After dominating the race, Gordon and Johnson each finished outside the top 10 at Martinsville, which led to this comment from Gordon on their team radio:


As a Sprint Cup viewer, I find it frustrating that the driver with the fastest average lap time (ignoring caution laps) and the quickest pit stops isn’t necessarily going to win the race.

I think of it like this. Have you ever been go-karting before? In go-karting, there are no pit stops, so that confounding variable is removed. If you grant that all go-karts are the same (same top speed), that means that the driver with the quickest average lap time during the race always ends up being the winner.

In NASCAR, that isn’t the case.

You don’t have to be the fastest driver out there on race day, you just have to have the best luck.

At Martinsville, the luck belonged to Newman. Next weekend, it will probably belong to someone else. And that person likely will not have dominated the race for most of the day.

Race Recap: Rain-Shortened Auto Club 400

26 Mar

So… full disclosure:

Yesterday I fell asleep while watching a NASCAR race for the first time.

No, it wasn’t because of the drone of the engines.

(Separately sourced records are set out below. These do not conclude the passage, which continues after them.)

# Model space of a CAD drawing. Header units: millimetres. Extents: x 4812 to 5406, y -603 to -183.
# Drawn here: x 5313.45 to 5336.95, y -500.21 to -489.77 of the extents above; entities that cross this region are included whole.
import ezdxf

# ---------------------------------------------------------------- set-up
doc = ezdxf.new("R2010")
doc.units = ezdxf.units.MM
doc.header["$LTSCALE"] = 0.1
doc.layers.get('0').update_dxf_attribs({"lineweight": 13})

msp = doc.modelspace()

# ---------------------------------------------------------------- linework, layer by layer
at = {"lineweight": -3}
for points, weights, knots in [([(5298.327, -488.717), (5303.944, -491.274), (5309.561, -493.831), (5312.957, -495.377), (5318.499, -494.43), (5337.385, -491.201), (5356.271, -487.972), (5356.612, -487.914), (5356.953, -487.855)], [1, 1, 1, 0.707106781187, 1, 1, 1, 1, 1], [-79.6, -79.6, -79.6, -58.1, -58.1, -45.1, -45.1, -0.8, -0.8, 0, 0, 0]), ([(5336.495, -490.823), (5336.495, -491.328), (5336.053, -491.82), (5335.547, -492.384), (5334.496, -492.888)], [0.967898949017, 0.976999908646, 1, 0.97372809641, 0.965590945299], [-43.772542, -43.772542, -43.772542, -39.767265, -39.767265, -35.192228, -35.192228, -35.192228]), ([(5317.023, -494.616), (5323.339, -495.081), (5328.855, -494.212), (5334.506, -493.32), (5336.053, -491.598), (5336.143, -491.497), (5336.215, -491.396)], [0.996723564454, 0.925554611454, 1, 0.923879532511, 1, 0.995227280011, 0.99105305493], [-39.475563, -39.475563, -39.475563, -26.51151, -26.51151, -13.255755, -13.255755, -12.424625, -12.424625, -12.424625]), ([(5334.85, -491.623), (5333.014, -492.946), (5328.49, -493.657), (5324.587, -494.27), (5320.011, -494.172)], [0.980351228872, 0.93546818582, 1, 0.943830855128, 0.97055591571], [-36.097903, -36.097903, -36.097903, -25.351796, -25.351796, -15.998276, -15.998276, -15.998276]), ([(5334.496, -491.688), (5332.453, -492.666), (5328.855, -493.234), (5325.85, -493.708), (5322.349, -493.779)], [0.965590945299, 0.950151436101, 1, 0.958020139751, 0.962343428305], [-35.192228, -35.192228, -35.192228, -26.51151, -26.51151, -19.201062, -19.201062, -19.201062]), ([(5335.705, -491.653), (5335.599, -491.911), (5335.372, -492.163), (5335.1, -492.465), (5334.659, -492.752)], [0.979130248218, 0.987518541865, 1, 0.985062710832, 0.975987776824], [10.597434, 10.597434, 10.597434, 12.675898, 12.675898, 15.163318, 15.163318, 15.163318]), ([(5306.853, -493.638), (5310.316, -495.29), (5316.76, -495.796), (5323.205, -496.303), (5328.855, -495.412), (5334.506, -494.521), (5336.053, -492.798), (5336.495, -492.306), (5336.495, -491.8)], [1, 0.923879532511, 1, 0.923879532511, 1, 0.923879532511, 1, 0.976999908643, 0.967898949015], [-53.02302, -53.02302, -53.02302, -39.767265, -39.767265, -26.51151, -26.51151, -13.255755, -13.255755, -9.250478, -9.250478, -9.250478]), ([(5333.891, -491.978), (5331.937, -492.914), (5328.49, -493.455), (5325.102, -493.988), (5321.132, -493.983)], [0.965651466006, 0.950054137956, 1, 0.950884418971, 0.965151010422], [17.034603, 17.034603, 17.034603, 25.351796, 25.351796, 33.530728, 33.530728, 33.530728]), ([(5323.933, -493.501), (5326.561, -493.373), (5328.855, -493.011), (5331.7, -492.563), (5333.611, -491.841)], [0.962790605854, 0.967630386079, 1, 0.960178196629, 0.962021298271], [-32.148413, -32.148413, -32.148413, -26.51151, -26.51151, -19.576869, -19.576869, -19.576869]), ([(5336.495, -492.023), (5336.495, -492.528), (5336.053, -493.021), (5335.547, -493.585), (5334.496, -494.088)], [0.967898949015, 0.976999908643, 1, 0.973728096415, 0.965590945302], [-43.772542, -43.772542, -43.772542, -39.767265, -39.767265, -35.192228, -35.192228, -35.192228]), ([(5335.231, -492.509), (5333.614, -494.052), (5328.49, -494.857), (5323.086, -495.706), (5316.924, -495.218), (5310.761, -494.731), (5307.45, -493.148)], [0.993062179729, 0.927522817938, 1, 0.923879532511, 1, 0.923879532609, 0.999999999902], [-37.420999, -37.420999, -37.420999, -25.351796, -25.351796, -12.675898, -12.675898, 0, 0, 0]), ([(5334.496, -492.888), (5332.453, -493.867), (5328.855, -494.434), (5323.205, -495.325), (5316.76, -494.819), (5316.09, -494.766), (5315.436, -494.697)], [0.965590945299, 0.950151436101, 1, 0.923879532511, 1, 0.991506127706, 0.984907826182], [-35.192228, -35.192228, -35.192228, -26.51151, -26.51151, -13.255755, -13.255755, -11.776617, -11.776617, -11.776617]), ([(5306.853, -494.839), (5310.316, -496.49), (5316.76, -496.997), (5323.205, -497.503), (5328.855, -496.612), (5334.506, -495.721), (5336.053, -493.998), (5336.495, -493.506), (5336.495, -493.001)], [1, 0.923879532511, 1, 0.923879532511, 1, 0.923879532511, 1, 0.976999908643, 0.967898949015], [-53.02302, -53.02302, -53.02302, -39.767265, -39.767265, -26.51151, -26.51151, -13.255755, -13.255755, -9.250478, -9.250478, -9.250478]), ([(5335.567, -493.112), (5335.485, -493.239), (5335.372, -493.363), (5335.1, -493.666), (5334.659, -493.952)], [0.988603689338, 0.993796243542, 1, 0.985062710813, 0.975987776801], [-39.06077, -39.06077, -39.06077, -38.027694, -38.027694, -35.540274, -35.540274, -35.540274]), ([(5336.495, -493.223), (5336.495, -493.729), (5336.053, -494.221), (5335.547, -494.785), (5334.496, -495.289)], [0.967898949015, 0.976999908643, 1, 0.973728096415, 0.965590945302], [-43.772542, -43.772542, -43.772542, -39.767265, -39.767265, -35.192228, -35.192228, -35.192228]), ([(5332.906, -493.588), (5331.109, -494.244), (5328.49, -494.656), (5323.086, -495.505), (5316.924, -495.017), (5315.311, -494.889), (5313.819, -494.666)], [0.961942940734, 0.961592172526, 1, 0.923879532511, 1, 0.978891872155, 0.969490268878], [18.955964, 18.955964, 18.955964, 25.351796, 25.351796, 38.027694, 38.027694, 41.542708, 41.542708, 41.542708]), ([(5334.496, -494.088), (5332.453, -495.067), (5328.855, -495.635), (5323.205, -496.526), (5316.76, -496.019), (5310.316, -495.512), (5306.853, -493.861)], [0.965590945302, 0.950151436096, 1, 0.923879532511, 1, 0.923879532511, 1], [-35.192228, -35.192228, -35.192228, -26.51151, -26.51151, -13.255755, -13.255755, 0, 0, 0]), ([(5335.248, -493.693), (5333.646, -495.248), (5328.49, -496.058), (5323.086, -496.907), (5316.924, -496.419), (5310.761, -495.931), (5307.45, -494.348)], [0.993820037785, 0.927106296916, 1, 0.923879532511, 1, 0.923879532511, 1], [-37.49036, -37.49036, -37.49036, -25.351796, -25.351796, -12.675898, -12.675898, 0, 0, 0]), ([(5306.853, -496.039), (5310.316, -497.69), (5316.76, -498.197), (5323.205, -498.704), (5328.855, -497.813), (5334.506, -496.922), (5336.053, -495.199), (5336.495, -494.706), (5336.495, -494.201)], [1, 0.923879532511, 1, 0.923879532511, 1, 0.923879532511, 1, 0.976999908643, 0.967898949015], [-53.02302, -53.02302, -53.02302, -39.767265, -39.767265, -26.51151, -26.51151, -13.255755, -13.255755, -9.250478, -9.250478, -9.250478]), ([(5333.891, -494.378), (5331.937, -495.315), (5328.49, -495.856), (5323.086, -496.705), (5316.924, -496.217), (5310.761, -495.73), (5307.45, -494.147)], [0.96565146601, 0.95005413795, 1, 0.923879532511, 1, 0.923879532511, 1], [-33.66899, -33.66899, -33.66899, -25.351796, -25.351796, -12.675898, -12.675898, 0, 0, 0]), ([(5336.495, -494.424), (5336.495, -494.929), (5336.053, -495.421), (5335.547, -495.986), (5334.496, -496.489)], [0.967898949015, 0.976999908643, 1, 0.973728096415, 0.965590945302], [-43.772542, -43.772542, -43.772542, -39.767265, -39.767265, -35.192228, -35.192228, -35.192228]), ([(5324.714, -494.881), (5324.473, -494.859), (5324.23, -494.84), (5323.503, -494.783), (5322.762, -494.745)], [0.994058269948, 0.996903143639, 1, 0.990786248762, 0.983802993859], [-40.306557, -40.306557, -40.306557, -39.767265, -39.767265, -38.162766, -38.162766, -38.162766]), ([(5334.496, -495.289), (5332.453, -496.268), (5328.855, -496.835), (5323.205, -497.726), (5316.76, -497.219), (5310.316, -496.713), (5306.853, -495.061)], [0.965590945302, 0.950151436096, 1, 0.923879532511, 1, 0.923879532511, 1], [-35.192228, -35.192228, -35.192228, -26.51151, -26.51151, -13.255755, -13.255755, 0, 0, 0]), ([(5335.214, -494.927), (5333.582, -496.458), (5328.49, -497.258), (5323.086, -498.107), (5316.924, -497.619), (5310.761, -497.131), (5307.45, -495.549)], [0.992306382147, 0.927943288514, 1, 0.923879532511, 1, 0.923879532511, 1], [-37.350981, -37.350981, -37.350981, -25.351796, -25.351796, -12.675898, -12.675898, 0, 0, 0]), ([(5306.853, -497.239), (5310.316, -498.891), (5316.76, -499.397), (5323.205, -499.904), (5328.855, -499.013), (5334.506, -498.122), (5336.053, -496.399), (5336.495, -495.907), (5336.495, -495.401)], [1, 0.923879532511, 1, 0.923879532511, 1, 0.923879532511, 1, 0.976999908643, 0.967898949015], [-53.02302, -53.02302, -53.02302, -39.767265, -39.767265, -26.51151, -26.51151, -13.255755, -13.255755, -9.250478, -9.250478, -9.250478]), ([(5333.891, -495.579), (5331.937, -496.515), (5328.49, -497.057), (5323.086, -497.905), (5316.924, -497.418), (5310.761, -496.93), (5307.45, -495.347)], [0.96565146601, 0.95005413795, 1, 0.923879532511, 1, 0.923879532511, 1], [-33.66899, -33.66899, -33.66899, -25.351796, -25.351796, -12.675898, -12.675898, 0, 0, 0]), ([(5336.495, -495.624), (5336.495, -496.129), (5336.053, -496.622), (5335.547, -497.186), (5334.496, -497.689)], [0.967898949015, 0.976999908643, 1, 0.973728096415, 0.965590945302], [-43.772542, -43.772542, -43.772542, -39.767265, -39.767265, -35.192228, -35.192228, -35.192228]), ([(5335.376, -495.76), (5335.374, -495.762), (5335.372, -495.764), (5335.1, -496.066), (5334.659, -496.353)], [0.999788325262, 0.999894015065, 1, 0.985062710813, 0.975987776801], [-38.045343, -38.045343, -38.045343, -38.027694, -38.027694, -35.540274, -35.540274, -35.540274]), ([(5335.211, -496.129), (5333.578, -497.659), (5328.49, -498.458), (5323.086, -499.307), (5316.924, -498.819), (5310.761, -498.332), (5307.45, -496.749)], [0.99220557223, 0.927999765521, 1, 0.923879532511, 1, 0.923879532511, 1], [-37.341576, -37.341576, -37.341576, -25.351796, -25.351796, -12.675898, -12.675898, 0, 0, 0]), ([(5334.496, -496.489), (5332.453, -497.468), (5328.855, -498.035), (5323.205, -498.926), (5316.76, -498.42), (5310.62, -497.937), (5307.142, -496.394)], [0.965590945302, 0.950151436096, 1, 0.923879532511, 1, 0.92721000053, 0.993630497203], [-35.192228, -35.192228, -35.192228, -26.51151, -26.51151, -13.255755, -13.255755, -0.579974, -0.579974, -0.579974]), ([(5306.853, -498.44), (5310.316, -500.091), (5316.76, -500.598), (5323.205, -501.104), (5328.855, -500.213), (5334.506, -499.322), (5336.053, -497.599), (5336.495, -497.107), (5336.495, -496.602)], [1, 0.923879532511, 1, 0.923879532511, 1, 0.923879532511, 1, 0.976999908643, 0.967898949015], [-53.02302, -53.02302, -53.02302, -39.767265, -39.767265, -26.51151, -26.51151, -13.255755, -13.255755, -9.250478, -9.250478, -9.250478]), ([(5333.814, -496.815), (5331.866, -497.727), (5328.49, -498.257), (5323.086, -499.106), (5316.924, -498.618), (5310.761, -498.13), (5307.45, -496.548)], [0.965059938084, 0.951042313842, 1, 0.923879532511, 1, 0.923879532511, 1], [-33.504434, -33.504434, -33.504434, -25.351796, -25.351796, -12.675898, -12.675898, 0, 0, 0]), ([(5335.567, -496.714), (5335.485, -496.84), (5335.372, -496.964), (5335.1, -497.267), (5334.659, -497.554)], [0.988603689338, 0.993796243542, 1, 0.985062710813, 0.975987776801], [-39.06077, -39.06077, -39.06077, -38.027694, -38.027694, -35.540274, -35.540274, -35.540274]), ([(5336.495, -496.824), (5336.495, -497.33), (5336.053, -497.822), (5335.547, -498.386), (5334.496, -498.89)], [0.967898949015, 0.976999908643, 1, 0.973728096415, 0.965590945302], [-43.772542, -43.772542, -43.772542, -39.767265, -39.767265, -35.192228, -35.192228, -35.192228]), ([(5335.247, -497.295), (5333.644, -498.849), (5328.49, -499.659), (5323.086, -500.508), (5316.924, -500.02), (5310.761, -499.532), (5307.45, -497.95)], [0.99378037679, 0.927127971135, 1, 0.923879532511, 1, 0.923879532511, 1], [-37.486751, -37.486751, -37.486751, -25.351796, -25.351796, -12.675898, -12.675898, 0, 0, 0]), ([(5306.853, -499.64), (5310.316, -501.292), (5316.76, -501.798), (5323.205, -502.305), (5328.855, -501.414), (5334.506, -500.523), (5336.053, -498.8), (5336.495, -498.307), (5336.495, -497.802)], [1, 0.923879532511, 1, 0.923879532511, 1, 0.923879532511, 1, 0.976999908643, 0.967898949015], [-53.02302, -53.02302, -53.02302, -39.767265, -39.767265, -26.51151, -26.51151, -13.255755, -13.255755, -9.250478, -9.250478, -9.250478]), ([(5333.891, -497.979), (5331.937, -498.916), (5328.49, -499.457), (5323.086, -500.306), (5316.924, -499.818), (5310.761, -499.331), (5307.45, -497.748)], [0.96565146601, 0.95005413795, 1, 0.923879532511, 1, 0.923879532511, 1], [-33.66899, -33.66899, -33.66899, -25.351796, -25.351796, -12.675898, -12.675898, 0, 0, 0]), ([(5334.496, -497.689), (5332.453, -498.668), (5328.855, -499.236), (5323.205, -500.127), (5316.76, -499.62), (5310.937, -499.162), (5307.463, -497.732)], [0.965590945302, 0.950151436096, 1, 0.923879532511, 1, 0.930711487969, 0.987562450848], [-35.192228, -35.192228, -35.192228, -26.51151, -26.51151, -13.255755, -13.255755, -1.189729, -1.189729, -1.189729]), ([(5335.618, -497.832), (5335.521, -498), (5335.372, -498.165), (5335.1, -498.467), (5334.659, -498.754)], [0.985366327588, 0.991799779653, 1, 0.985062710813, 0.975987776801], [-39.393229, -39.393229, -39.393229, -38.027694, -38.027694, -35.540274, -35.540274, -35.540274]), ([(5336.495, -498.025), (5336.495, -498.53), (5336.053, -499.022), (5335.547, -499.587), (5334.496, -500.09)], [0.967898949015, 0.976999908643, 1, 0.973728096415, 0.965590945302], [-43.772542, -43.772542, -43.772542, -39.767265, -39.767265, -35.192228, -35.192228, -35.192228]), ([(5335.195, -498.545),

And no, I didn’t fall asleep because watching cars turn left for 3 hours is a boring way to spend an afternoon (it’s actually not that bad)…

Why I fell asleep really doesn’t matter, but I woke up just as the race was called and Tony Stewart was declared the winner – since he was leading when they called it – at Fontana.

Again, it seems luck played a huge role in this one, as other drivers went to pit road, thinking the race would continue for several more laps, and Stewart stayed out, thinking the race would be called soon due to the rain. As it turned out, he guessed right, and he earned his second Sprint Cup victory of the season because of it.

There's that pesky Coke again...


Here’s the two most important/craziest things you (and I) missed during the race:

  • The guy who puts gas in Jeff Gordon’s car during pit stops got dragged down pit road when the gas tank got stuck to the car… which caused Gordon to earn a penalty of some sort (it sounds like they said a “stop-and-go“?).


As always, I picked up some new NASCAR knowledge during the limited time I was awake yesterday during the race:


Some questions also came up during the race yesterday, and today as I was looking back on the race. If you can answer them, help me out in the comments section below.

1). They showed Mark Martin on the in-car cam on FOX, and from how hard his head was shaking back and forth, it’s hard for me to believe these guys don’t have really bad headaches when they get out of their cars. Are they just accustomed to the vibrations after (presumably) so many years of driving?

2) What is a “stop-and-go” penalty?

3a). What’s the deal with “start-and-park” teams?

3b). Who in their right mind would sponsor a driver they know is going to quit after ~10 laps?


Regardless of how you feel about the quality of Stewart’s victory in the rain-shortened race (here is how I think it must have felt), it was Stewart’s third win in his last six Sprint Cup races, which continues to blow my mind.

Congrats, “Smoke.”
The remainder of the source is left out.